I have every thing working great but I need to remove the leading zeros off the solution.
This is what my output is:
char c[32];
int carry = 0;
if(carry == '1')
{
cout << carry;
}
for(i = 0; i < 32; i++)
{
cout << c[i];
}
I tried this but it didn't work:
char c[32];
int carry = 0;
bool flag = false;
if(carry == '1')
{
cout << carry;
}
for(i=0; i<32; i++)
{
if(c[i] != 0)
{
flag = true;
if(flag)
{
for(i = 0; i < 32; i++)
{
cout << c[i];
}
}
}
}
Any ideas or suggestions would be appreciated.
EDIT: Thank you everyone for your input, I got it to work!
You should not have that inner loop (inside if(flag)). It interferes with the i processing of the outer loop.
All you want to do at that point is to output the character if the flag is set.
And on top of that, the printing of the bits should be outside the detection of the first bit.
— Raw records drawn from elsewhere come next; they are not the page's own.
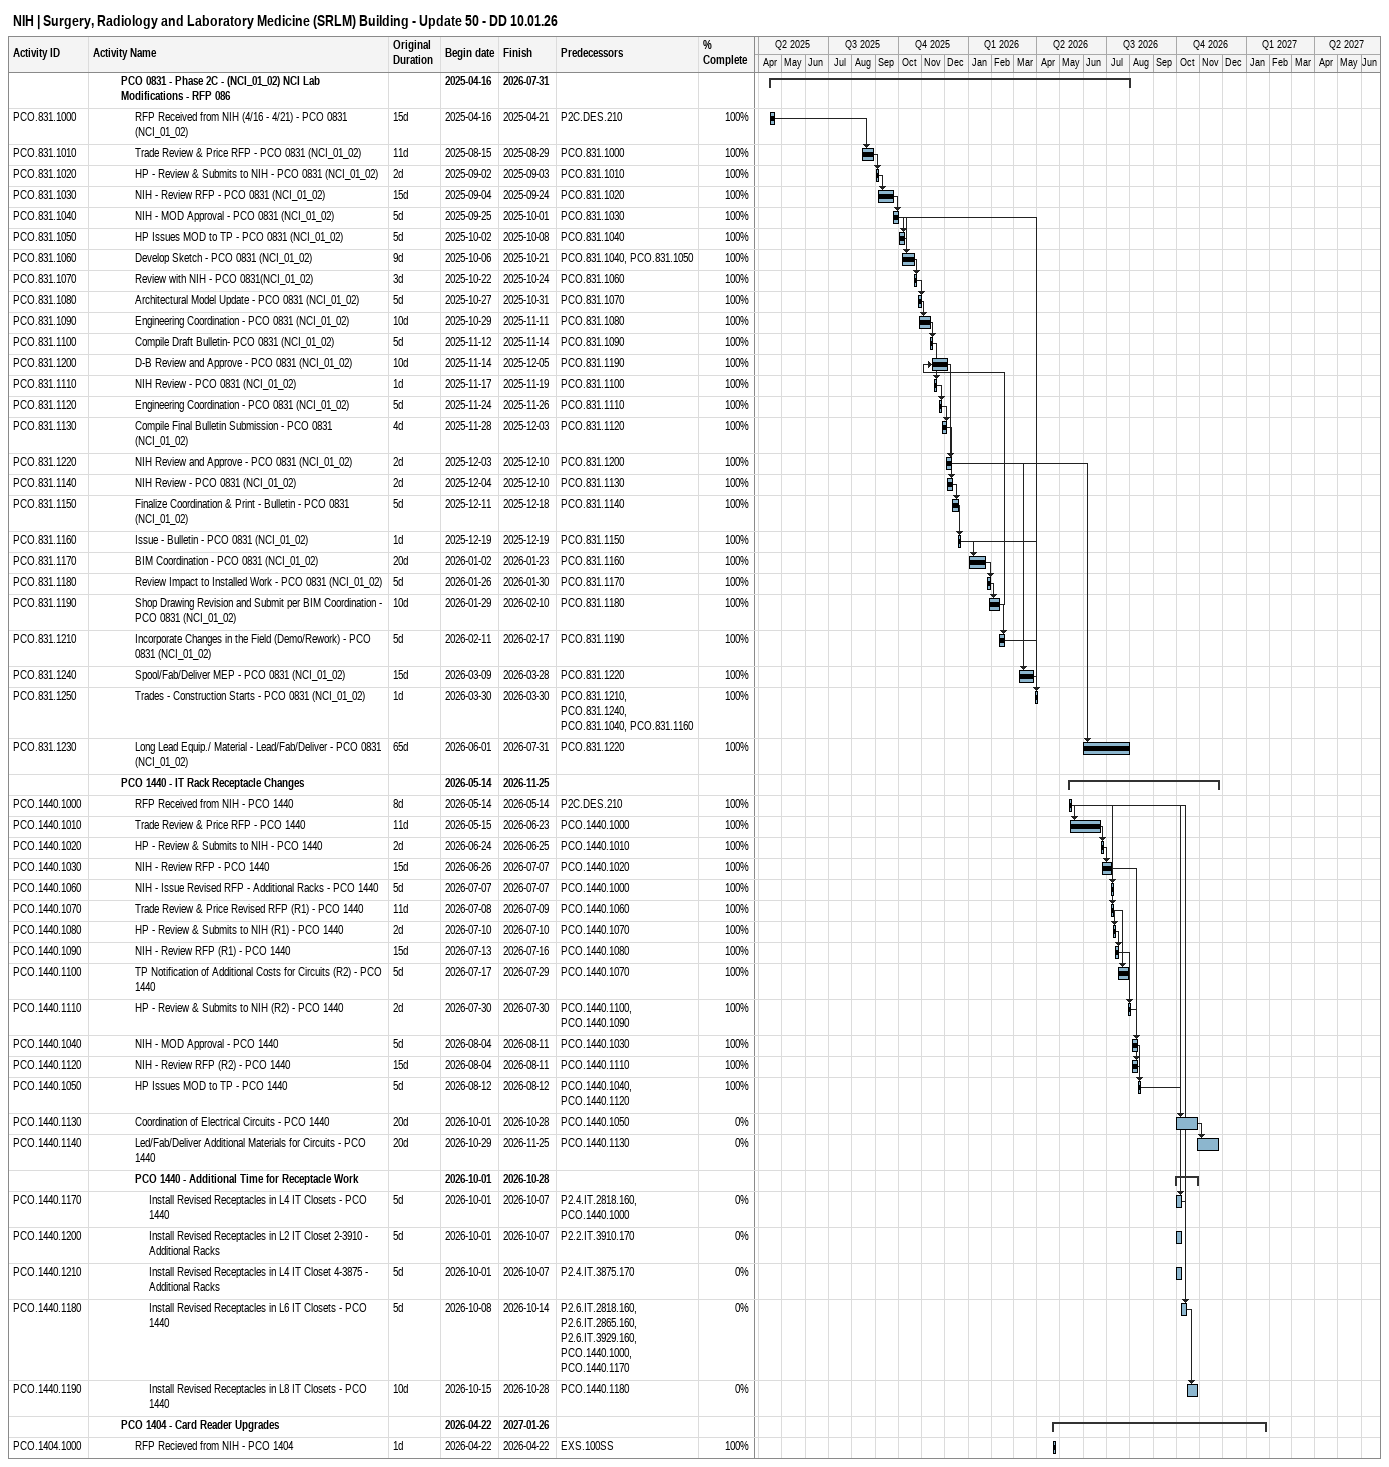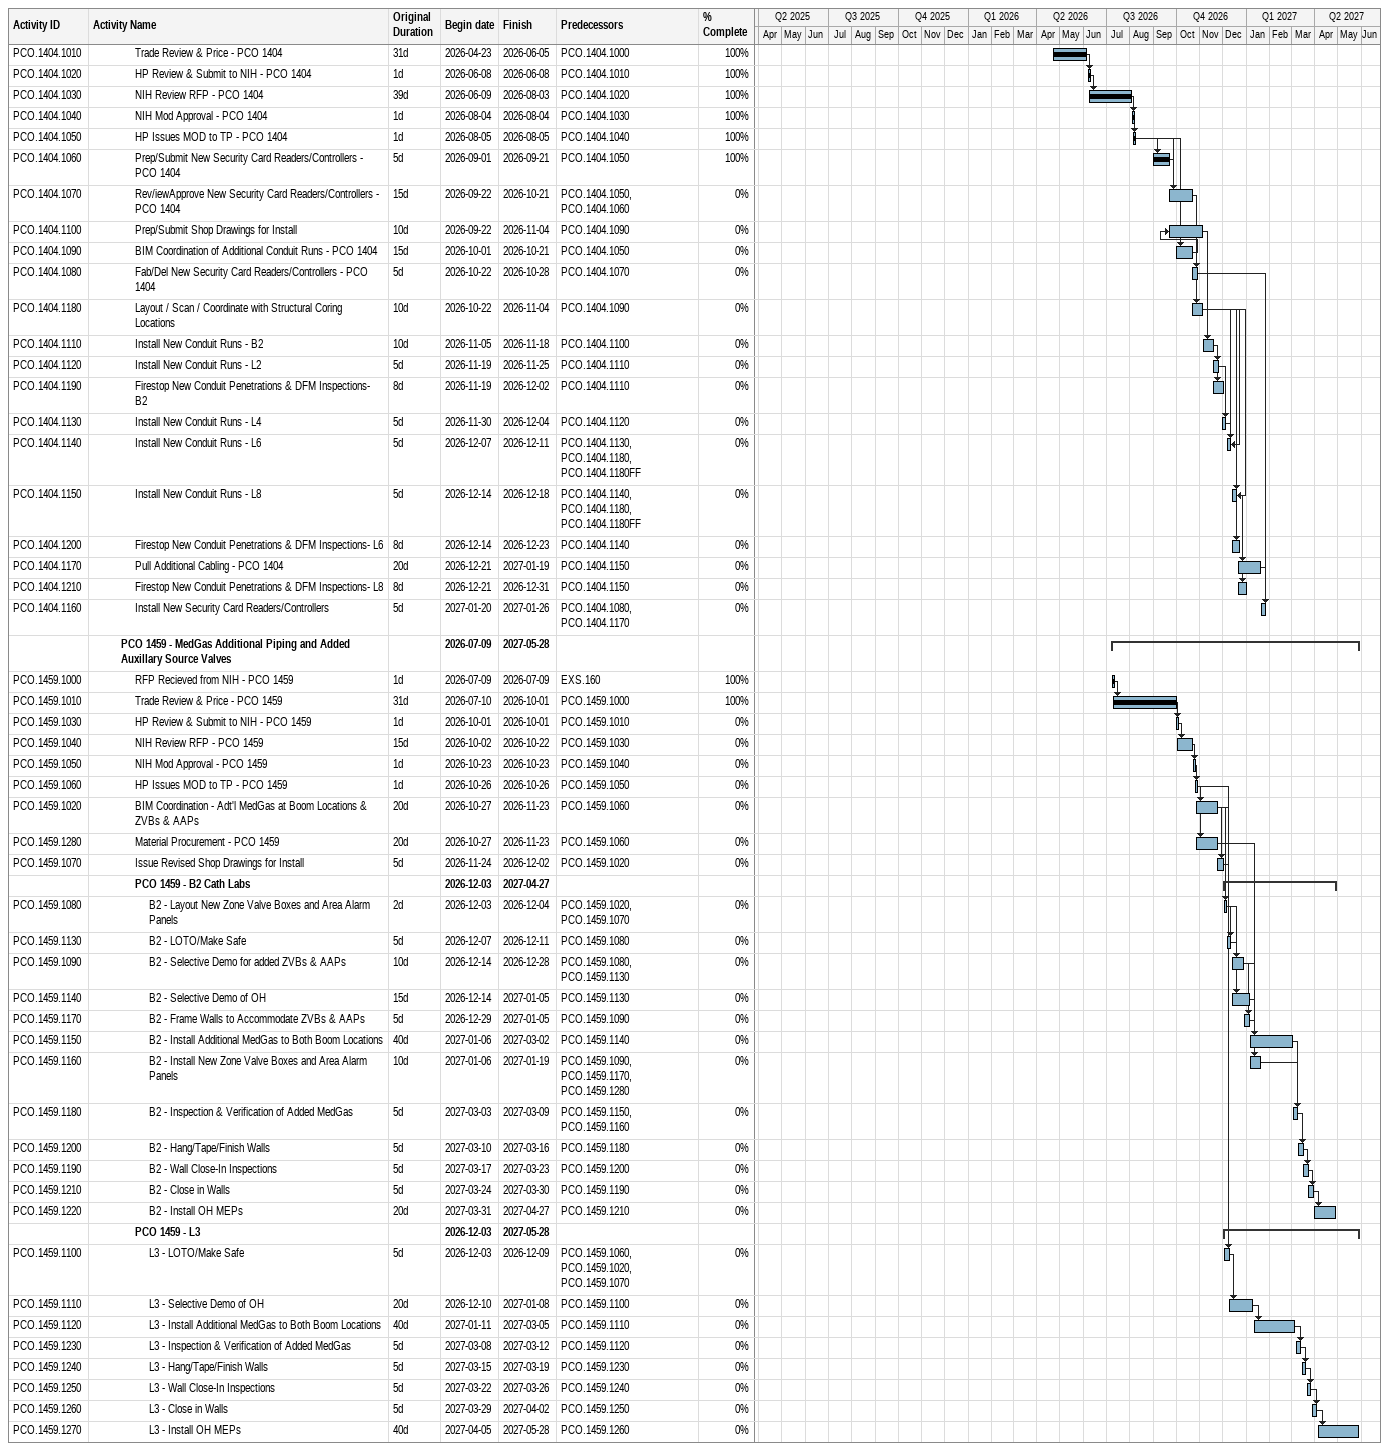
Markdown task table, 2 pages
NIH | Surgery, Radiology and Laboratory Medicine (SRLM) Building - Update 50 - DD 10.01.26

| ID | Level | Task | Original duration | Start | Finish | Predecessors | % complete |
|---|---|---|---|---|---|---|---|
|  | 3 | **PCO 0831 - Phase 2C - (NCI_01_02) NCI Lab Modifications - RFP 086** |  | 2025-04-16 | 2026-07-31 |  |  |
| PCO.831.1000 | 4 | RFP Received from NIH (4/16 - 4/21) - PCO 0831 (NCI_01_02) | 15d | 2025-04-16 | 2025-04-21 | P2C.DES.210 | 100 |
| PCO.831.1010 | 4 | Trade Review & Price RFP - PCO 0831 (NCI_01_02) | 11d | 2025-08-15 | 2025-08-29 | PCO.831.1000 | 100 |
| PCO.831.1020 | 4 | HP - Review & Submits to NIH - PCO 0831 (NCI_01_02) | 2d | 2025-09-02 | 2025-09-03 | PCO.831.1010 | 100 |
| PCO.831.1030 | 4 | NIH - Review RFP - PCO 0831 (NCI_01_02) | 15d | 2025-09-04 | 2025-09-24 | PCO.831.1020 | 100 |
| PCO.831.1040 | 4 | NIH - MOD Approval - PCO 0831 (NCI_01_02) | 5d | 2025-09-25 | 2025-10-01 | PCO.831.1030 | 100 |
| PCO.831.1050 | 4 | HP Issues MOD to TP - PCO 0831 (NCI_01_02) | 5d | 2025-10-02 | 2025-10-08 | PCO.831.1040 | 100 |
| PCO.831.1060 | 4 | Develop Sketch - PCO 0831 (NCI_01_02) | 9d | 2025-10-06 | 2025-10-21 | PCO.831.1040, PCO.831.1050 | 100 |
| PCO.831.1070 | 4 | Review with NIH - PCO 0831(NCI_01_02) | 3d | 2025-10-22 | 2025-10-24 | PCO.831.1060 | 100 |
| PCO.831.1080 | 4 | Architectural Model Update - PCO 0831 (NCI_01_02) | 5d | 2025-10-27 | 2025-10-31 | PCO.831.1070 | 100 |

The following pseudo-code shows how I'd approach this:
set printing to false
if carry is 1:
output '1:'
for each bit position i:
if c[i] is 1:
set printing to true
if printing:
output c[i]
if not printing:
output 0
The first block of code may need to be changed to accurately output the number with carry. For example, if you ended up with the value 2 and a carry, you would want either of:
1:10 (or some other separator)
100000000000000000000000000000010 (33 digits)
Simply outputting 110 with no indication that the leftmost bit was a carry could either be:
2 with carry; or
6 without carry
The last block ensures you have some output for the value 0 which would otherwise print nothing since there were no 1 bits.
I'll leave it up to you whether you should output a separator between carry and value (and leave that line commented out) or use carry to force printing to true initially. The two options would be respectively:
if carry is 1:
output '1 '
and:
if carry is 1:
output 1
set printing to true
And, since you've done the conversion to C++ in a comment, that should be okay. You state that it doesn't work, but I typed in your code and it worked fine, outputting 10:
#include <iostream>
int main(void)
{
int i;
int carry = 0;
int c[] = {0,0,0,0,0,0,0,0,0,0,0,0,0,0,0,0,0,0,0,0,0,0,0,0,0,0,0,0,0,0,1,0};
bool print = false;
// This is the code you gave in the comment, slightly modified.
// vvvvvv
if(carry == 1) {
std::cout << carry << ":";
}
for (i = 0; i < 32; i++) {
if (c[i] == 1) {
print = true;
}
if (print) {
std::cout << c[i];
}
}
// ^^^^^^
std::cout << std::endl;
return 0;
}
const char * begin = std::find(c, c+32, '1');
size_t len = c - begin + 32;
std::cout.write(begin, len);
Use two fors over the same index. The first for iterates while == 0, the second one prints starting from where the first one left off.